The case for offshore still remains compelling
Lourens Coetzee is an Investment Professional at Marriott.
Demanding equity valuations and a subdued outlook for growth in South Africa suggest investors may need to increase their offshore exposure to ensure an acceptable investment outcome. Marriott believes the case for offshore equities remain compelling as it is possible to purchase some of the largest and most recognisable companies in the world on dividend yields higher than South African alternatives. These attractive dividend yields afford investors the opportunity to diversify internationally while improving both the quality and income producing capacity of their portfolios.
The chart below highlights the dividend yield differential between a selection of quality international companies and the dividend yield of the South African All Share Index.

Source Bloomberg
Equities are also attractively priced relative to bonds and cash in first world markets. Very low interest rates mean investors can currently receive more income from equities than government bonds and cash. This is a very rare occurrence as equities, unlike bonds, also provide investors with income growth which ultimately translates into capital growth. It could therefore be argued that there is no place for bonds and cash in an international portfolio as the inclusion of these asset classes will reduce both the yield and the expected capital growth from the portfolio.
The chart below compares the dividend yields of Coca-Cola, Nestle and Johnson & Johnson to the yields of the US 10 year Treasury and US cash.

Source Bloomberg
To ensure income growth from an equity portfolio in the current volatile economic environment investors need to be more selective.
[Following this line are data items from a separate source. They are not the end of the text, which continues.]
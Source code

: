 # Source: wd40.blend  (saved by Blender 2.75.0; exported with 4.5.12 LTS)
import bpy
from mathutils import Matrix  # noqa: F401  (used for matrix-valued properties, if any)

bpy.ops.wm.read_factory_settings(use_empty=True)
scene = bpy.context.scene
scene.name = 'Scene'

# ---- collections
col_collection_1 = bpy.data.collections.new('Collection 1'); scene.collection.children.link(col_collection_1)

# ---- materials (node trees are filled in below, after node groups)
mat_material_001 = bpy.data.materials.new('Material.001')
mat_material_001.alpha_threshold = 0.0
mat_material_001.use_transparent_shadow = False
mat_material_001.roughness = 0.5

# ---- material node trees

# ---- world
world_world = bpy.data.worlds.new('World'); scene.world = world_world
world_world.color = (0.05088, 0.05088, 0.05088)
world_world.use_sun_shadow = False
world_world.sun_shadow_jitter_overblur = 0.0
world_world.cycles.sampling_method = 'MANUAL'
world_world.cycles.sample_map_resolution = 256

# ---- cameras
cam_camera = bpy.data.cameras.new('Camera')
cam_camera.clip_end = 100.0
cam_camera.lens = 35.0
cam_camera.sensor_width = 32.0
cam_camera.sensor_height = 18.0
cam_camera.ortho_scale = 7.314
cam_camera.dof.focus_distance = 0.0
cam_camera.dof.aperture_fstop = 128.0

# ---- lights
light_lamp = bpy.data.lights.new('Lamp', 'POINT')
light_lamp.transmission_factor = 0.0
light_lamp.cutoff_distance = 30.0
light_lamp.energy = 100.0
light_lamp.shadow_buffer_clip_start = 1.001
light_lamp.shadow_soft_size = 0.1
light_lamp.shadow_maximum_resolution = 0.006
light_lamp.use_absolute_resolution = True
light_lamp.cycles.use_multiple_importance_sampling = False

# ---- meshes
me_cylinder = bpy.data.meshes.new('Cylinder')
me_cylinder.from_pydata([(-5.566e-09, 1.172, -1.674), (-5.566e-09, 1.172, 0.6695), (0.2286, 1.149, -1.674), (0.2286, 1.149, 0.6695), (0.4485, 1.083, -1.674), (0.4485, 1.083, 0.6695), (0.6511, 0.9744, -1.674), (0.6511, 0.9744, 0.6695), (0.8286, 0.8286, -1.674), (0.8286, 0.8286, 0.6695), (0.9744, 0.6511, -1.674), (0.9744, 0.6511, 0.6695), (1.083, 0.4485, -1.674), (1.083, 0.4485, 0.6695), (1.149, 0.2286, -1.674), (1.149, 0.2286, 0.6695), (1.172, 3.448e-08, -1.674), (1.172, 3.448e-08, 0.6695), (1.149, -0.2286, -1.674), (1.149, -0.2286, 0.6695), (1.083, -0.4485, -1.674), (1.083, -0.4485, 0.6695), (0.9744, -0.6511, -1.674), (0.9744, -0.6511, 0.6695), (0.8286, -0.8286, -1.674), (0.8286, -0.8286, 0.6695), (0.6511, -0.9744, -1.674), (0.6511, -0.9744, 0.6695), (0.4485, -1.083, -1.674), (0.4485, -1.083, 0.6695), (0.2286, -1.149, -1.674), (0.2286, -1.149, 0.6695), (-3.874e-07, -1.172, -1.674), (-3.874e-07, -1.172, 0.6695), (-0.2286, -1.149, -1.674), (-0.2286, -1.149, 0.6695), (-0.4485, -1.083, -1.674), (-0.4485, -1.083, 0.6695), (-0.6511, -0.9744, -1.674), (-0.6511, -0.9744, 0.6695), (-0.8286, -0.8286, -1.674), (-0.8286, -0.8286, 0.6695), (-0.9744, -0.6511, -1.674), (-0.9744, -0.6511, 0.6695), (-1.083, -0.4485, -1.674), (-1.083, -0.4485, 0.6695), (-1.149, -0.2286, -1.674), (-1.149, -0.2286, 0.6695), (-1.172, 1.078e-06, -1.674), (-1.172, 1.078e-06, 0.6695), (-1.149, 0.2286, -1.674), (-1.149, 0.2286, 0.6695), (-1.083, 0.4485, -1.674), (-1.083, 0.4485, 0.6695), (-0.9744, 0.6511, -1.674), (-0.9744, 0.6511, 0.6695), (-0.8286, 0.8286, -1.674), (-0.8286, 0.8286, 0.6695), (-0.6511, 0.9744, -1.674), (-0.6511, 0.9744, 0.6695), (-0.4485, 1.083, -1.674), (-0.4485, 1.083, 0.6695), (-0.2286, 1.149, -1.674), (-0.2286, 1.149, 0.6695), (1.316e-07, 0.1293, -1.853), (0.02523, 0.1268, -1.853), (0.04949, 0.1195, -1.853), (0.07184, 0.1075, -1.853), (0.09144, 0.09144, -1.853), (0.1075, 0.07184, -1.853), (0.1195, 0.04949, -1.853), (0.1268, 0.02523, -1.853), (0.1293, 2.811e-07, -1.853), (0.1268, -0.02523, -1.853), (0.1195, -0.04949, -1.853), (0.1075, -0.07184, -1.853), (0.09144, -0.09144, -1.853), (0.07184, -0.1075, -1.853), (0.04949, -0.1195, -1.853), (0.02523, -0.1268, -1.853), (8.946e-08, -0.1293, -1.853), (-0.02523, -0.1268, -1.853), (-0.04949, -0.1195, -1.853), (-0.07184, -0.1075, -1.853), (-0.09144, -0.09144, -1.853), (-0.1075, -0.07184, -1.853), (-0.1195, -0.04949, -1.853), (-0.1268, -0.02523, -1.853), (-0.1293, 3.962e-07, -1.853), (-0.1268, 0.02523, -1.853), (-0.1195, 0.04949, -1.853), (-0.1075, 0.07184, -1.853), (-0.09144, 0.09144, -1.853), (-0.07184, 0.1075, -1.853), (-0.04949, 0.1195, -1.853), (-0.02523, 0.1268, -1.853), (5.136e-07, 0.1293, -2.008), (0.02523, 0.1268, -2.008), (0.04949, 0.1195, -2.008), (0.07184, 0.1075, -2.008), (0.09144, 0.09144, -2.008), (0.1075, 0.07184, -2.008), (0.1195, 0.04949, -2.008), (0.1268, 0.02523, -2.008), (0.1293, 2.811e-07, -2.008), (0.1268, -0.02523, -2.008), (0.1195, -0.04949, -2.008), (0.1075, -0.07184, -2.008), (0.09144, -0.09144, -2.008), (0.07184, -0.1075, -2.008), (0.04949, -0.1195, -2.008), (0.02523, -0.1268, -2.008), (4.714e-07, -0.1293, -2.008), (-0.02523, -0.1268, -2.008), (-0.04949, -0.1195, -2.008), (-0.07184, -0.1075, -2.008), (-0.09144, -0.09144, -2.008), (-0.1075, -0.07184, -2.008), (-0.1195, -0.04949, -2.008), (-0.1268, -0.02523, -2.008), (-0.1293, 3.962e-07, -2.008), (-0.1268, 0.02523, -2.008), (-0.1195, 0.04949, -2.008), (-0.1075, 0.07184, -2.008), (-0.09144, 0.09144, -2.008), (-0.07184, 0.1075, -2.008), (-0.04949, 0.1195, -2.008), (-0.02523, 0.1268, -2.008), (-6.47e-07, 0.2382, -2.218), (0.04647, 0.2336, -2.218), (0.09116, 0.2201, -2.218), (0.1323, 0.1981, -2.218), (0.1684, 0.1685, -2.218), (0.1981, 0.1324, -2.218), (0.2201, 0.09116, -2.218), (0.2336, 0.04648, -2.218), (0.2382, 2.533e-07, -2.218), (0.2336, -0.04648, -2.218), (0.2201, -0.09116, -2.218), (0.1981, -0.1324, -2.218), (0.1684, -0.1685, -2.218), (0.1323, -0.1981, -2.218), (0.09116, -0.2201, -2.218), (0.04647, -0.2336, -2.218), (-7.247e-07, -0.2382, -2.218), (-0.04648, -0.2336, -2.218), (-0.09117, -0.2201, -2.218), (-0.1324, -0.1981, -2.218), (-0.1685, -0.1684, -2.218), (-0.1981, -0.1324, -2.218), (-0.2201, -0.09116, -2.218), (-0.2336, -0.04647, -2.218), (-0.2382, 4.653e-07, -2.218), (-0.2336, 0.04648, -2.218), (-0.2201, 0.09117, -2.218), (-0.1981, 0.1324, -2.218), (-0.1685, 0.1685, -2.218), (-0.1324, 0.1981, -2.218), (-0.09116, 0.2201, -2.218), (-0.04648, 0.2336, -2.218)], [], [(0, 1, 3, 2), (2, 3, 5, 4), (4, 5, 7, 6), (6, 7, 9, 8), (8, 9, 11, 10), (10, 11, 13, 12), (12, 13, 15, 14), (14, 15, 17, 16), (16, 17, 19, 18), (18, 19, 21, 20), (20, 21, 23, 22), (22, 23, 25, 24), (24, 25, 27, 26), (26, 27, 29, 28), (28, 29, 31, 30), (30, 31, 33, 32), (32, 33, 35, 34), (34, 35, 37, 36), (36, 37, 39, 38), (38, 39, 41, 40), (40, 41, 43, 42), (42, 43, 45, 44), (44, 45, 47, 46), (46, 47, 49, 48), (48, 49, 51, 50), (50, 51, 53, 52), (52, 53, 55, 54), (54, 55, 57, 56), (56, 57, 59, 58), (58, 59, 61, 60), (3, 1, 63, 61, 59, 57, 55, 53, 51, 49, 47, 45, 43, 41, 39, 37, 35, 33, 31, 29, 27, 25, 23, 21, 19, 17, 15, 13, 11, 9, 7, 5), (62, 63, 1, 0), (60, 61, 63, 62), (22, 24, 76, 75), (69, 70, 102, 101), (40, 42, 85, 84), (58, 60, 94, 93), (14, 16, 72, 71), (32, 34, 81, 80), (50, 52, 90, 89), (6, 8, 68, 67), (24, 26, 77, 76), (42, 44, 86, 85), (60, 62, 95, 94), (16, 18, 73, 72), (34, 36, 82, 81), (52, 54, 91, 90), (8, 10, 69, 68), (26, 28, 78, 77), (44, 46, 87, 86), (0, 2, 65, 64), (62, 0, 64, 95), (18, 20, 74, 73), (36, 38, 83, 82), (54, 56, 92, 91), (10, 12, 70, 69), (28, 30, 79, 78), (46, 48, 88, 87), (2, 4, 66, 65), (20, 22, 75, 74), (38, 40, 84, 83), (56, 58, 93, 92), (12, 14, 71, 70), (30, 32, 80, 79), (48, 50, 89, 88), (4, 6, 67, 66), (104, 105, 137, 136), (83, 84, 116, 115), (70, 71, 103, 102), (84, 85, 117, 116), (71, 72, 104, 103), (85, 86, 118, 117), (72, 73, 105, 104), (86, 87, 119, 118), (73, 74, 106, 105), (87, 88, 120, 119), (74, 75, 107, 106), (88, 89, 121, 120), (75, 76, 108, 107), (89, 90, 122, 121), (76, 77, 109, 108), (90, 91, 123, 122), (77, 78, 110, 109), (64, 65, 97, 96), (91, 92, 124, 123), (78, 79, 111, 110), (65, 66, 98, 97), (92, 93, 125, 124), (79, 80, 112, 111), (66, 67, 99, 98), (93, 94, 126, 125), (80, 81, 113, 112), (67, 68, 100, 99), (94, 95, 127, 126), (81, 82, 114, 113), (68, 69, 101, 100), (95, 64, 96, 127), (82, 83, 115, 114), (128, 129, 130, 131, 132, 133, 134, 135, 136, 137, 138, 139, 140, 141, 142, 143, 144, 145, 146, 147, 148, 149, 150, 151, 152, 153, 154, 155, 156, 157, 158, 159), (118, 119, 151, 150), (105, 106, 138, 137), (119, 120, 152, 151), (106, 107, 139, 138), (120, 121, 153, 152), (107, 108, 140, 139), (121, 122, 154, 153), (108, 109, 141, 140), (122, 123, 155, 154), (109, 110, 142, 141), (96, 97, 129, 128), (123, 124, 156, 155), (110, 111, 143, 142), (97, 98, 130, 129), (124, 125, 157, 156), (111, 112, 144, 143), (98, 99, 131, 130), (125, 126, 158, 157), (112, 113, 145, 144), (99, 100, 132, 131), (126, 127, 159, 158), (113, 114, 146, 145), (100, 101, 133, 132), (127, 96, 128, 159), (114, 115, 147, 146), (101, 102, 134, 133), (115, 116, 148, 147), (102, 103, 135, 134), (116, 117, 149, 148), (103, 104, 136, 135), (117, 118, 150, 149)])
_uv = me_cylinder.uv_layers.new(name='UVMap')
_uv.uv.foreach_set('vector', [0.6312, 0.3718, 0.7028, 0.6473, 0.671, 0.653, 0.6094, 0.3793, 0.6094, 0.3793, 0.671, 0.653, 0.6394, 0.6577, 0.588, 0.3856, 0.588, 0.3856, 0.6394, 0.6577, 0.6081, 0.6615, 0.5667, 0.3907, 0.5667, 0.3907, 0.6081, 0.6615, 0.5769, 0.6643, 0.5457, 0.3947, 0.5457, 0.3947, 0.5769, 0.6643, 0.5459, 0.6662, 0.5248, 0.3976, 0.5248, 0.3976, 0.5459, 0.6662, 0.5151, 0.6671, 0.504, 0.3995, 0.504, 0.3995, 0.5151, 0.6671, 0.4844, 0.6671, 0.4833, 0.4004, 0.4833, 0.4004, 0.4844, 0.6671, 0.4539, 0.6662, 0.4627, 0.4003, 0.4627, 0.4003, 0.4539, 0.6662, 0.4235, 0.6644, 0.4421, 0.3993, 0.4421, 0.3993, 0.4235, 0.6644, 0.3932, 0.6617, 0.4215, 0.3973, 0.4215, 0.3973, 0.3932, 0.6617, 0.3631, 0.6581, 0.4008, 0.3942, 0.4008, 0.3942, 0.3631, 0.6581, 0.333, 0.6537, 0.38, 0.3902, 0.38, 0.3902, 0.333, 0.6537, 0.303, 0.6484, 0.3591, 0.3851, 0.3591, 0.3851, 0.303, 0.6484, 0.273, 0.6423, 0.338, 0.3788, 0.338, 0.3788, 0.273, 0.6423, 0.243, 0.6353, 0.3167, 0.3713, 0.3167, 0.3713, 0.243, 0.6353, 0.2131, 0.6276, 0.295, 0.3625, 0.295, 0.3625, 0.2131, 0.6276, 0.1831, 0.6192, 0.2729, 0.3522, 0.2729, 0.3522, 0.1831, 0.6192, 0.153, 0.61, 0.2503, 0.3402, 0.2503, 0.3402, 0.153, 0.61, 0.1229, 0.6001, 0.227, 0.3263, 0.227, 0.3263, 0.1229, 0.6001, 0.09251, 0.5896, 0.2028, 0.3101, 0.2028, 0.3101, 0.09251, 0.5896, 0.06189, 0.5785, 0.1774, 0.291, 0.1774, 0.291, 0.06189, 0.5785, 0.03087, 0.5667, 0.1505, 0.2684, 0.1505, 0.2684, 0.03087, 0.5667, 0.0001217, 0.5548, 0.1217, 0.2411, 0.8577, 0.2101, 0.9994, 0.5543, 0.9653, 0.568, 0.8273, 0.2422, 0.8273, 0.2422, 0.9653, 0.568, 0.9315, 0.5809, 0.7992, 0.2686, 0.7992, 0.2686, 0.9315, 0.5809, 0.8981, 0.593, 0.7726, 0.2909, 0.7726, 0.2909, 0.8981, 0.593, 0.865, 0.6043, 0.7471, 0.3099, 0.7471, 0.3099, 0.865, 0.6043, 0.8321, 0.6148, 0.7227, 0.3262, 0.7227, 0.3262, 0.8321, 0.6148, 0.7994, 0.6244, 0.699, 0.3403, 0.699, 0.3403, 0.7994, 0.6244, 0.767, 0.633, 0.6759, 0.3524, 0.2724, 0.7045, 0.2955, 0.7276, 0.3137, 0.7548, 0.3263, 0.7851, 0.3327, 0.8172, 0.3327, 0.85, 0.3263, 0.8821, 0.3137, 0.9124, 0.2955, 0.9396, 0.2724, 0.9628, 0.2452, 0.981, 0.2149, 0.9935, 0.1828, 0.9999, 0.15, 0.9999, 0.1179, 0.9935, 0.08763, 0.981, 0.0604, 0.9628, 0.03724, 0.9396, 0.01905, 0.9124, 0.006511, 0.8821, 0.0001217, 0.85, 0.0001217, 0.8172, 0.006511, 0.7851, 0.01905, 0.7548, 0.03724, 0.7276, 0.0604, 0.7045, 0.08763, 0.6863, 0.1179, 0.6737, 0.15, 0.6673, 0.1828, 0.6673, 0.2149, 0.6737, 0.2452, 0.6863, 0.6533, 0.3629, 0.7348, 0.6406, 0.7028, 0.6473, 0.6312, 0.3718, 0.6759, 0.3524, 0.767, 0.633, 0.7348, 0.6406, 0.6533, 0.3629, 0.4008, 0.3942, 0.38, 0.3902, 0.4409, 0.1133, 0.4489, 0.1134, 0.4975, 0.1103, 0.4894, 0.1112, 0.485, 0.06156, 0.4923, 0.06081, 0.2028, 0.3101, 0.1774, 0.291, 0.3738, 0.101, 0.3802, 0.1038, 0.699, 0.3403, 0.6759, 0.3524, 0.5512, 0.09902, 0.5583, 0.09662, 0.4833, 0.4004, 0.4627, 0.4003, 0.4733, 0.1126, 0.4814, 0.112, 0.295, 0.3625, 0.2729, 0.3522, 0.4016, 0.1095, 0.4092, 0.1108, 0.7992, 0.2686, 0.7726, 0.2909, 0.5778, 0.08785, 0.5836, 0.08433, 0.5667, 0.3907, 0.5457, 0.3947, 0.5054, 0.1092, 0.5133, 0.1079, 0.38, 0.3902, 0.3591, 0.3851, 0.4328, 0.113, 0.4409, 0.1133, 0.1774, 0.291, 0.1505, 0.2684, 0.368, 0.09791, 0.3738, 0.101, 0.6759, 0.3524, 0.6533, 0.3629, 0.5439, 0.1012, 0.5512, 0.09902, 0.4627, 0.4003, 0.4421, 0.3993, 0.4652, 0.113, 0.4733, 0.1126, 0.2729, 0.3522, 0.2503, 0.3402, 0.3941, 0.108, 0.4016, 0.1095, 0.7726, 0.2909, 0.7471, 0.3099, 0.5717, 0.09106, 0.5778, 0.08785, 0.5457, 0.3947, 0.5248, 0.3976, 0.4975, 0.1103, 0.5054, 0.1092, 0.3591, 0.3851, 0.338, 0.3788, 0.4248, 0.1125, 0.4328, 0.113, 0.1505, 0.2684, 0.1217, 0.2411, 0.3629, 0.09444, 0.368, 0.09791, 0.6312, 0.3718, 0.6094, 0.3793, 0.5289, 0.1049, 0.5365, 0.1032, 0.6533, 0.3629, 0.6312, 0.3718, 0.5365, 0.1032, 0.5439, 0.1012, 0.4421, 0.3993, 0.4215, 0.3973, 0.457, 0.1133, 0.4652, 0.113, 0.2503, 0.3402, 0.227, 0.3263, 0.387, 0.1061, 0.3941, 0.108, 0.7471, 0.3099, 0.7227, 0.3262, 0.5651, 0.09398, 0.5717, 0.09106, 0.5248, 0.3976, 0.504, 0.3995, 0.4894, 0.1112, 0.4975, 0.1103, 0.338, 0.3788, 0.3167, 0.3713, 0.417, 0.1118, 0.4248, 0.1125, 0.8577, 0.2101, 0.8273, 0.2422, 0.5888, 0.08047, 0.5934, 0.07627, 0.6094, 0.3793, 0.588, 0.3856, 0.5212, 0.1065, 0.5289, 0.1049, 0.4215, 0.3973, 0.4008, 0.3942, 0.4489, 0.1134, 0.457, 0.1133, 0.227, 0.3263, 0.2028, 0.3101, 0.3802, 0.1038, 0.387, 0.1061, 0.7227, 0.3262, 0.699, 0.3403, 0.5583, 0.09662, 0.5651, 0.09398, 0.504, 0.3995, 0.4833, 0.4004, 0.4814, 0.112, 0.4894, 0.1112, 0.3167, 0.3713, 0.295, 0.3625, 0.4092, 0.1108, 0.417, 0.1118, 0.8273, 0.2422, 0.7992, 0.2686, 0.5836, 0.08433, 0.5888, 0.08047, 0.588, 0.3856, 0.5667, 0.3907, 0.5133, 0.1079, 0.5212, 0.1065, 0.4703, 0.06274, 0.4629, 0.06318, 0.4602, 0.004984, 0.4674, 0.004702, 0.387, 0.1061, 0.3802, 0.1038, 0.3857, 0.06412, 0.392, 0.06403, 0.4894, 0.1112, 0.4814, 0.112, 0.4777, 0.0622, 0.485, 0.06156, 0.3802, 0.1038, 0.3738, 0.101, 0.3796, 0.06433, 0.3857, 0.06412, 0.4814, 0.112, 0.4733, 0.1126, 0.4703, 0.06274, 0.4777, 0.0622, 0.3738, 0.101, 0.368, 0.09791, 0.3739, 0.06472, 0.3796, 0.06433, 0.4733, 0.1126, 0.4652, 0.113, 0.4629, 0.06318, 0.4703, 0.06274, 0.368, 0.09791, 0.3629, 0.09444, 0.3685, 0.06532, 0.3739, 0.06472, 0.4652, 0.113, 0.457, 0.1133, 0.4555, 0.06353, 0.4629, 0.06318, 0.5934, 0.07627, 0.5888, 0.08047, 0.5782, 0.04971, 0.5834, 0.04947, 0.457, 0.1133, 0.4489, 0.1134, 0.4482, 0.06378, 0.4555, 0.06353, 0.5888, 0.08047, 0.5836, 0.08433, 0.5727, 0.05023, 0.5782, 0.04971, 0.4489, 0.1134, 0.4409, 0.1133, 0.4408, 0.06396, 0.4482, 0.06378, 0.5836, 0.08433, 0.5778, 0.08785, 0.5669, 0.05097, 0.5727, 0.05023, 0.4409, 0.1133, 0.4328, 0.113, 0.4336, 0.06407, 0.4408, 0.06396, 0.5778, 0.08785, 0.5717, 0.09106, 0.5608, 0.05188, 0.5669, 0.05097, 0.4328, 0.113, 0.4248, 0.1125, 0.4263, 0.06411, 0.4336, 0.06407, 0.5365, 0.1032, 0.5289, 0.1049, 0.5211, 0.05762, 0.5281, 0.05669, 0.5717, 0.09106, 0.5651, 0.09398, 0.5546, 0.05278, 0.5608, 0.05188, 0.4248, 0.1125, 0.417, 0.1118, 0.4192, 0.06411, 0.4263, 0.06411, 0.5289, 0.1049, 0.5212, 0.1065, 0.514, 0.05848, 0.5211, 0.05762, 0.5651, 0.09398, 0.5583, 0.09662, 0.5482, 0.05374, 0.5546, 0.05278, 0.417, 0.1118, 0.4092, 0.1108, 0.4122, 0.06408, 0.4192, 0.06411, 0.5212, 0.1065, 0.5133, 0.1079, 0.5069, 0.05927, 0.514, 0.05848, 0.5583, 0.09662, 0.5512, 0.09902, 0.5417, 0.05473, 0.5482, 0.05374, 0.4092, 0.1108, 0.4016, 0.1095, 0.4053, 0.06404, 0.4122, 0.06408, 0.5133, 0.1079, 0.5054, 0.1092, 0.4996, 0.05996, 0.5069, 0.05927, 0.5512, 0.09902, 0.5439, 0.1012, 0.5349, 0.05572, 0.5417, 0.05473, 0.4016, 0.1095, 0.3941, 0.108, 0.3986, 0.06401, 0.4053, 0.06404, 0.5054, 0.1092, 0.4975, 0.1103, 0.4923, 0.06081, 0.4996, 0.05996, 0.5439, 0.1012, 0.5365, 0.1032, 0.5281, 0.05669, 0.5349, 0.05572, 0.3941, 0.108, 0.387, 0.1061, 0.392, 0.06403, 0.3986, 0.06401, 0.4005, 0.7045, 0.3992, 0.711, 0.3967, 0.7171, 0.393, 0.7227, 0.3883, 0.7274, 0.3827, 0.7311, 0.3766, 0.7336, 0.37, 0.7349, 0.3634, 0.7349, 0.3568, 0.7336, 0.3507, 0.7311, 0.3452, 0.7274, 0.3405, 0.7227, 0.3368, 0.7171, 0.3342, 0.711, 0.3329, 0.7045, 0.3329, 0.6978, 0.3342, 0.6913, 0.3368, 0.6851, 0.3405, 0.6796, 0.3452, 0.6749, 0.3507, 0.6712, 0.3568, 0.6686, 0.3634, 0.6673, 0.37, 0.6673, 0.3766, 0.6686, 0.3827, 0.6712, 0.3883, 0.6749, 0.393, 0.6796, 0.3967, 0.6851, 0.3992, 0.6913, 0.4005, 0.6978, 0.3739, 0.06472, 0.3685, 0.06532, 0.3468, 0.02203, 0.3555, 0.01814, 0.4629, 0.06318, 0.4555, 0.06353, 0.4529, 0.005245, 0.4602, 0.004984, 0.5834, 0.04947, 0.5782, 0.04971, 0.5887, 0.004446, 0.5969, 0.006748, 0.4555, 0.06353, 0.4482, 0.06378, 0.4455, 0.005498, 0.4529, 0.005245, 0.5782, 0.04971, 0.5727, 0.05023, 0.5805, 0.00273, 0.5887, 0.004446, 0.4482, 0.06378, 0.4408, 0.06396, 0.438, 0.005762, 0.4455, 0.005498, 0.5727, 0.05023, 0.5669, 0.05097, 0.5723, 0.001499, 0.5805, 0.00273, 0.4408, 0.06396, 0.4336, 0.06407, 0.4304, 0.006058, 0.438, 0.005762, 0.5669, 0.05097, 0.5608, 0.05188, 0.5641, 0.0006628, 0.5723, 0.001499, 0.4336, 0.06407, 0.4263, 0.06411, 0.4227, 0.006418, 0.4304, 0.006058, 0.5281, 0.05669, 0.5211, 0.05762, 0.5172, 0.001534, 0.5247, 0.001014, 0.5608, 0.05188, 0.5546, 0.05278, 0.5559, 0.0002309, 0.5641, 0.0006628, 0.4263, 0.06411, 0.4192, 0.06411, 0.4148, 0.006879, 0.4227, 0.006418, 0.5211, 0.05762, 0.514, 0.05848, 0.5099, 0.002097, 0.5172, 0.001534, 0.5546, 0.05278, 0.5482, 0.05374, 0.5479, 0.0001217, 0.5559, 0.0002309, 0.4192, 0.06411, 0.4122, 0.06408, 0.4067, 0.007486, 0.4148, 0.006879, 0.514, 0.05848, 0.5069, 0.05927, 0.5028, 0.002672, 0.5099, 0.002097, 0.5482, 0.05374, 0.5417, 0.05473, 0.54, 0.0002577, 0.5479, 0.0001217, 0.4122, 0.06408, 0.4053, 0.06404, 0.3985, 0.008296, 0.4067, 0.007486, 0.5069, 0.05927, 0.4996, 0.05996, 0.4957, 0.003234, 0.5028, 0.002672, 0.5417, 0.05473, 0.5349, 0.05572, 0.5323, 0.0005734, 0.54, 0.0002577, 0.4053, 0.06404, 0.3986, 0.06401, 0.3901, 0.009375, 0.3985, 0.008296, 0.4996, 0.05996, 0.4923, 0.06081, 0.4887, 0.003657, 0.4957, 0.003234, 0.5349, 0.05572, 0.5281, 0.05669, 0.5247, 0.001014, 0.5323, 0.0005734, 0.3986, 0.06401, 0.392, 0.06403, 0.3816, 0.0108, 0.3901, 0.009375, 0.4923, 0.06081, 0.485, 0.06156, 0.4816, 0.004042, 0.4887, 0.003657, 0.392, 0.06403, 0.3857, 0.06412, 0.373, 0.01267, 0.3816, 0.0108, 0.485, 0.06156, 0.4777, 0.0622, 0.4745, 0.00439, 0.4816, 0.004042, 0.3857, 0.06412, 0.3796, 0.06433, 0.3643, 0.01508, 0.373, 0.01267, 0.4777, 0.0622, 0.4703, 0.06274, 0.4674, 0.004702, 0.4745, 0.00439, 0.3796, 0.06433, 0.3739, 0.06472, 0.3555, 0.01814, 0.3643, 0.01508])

Marriott is of the view that an investment strategy based on restricting equity exposure to companies that produce reliable dividend streams is likely to deliver a more predictable outcome. These companies tend to focus on selling basic necessities, enjoy global distribution and have strong balance sheets. They also have track records demonstrating an ability to grow their profits and dividends irrespective of interest rate or business cycles.
The table below highlights the dividend growth produced by Marriott’s international equities in 2014.


Source Bloomberg
Investors can access these companies in three ways:
1 Marriott’s rand-denominated feeder funds offering access to Marriott’s International Funds
2 Marriott International Funds (Ireland Domiciled)
a. First World Equity Fund (£)
b. International Income Growth Fund ($)
c. International Real Estate Fund ($)
Minimum investment - £ 15,000
3 The International Investment Portfolio - personalised share portfolio
Investors may select one of three managed discretionary share portfolios or create a non-discretionary portfolio. One of the major benefits of an offshore share portfolio is its tax efficiency. As the investor is the beneficial owner of the shares they will not be taxed twice on the dividends they receive.
Minimum investment - £ 50,000
In summary, the investment case for first world equities remains compelling as the dividend yields of high quality multinational companies are currently higher than first world bonds as well as South African equities. This affords South African investors the opportunity to diversify internationally and improve both the quality and income producing capacity of their portfolios.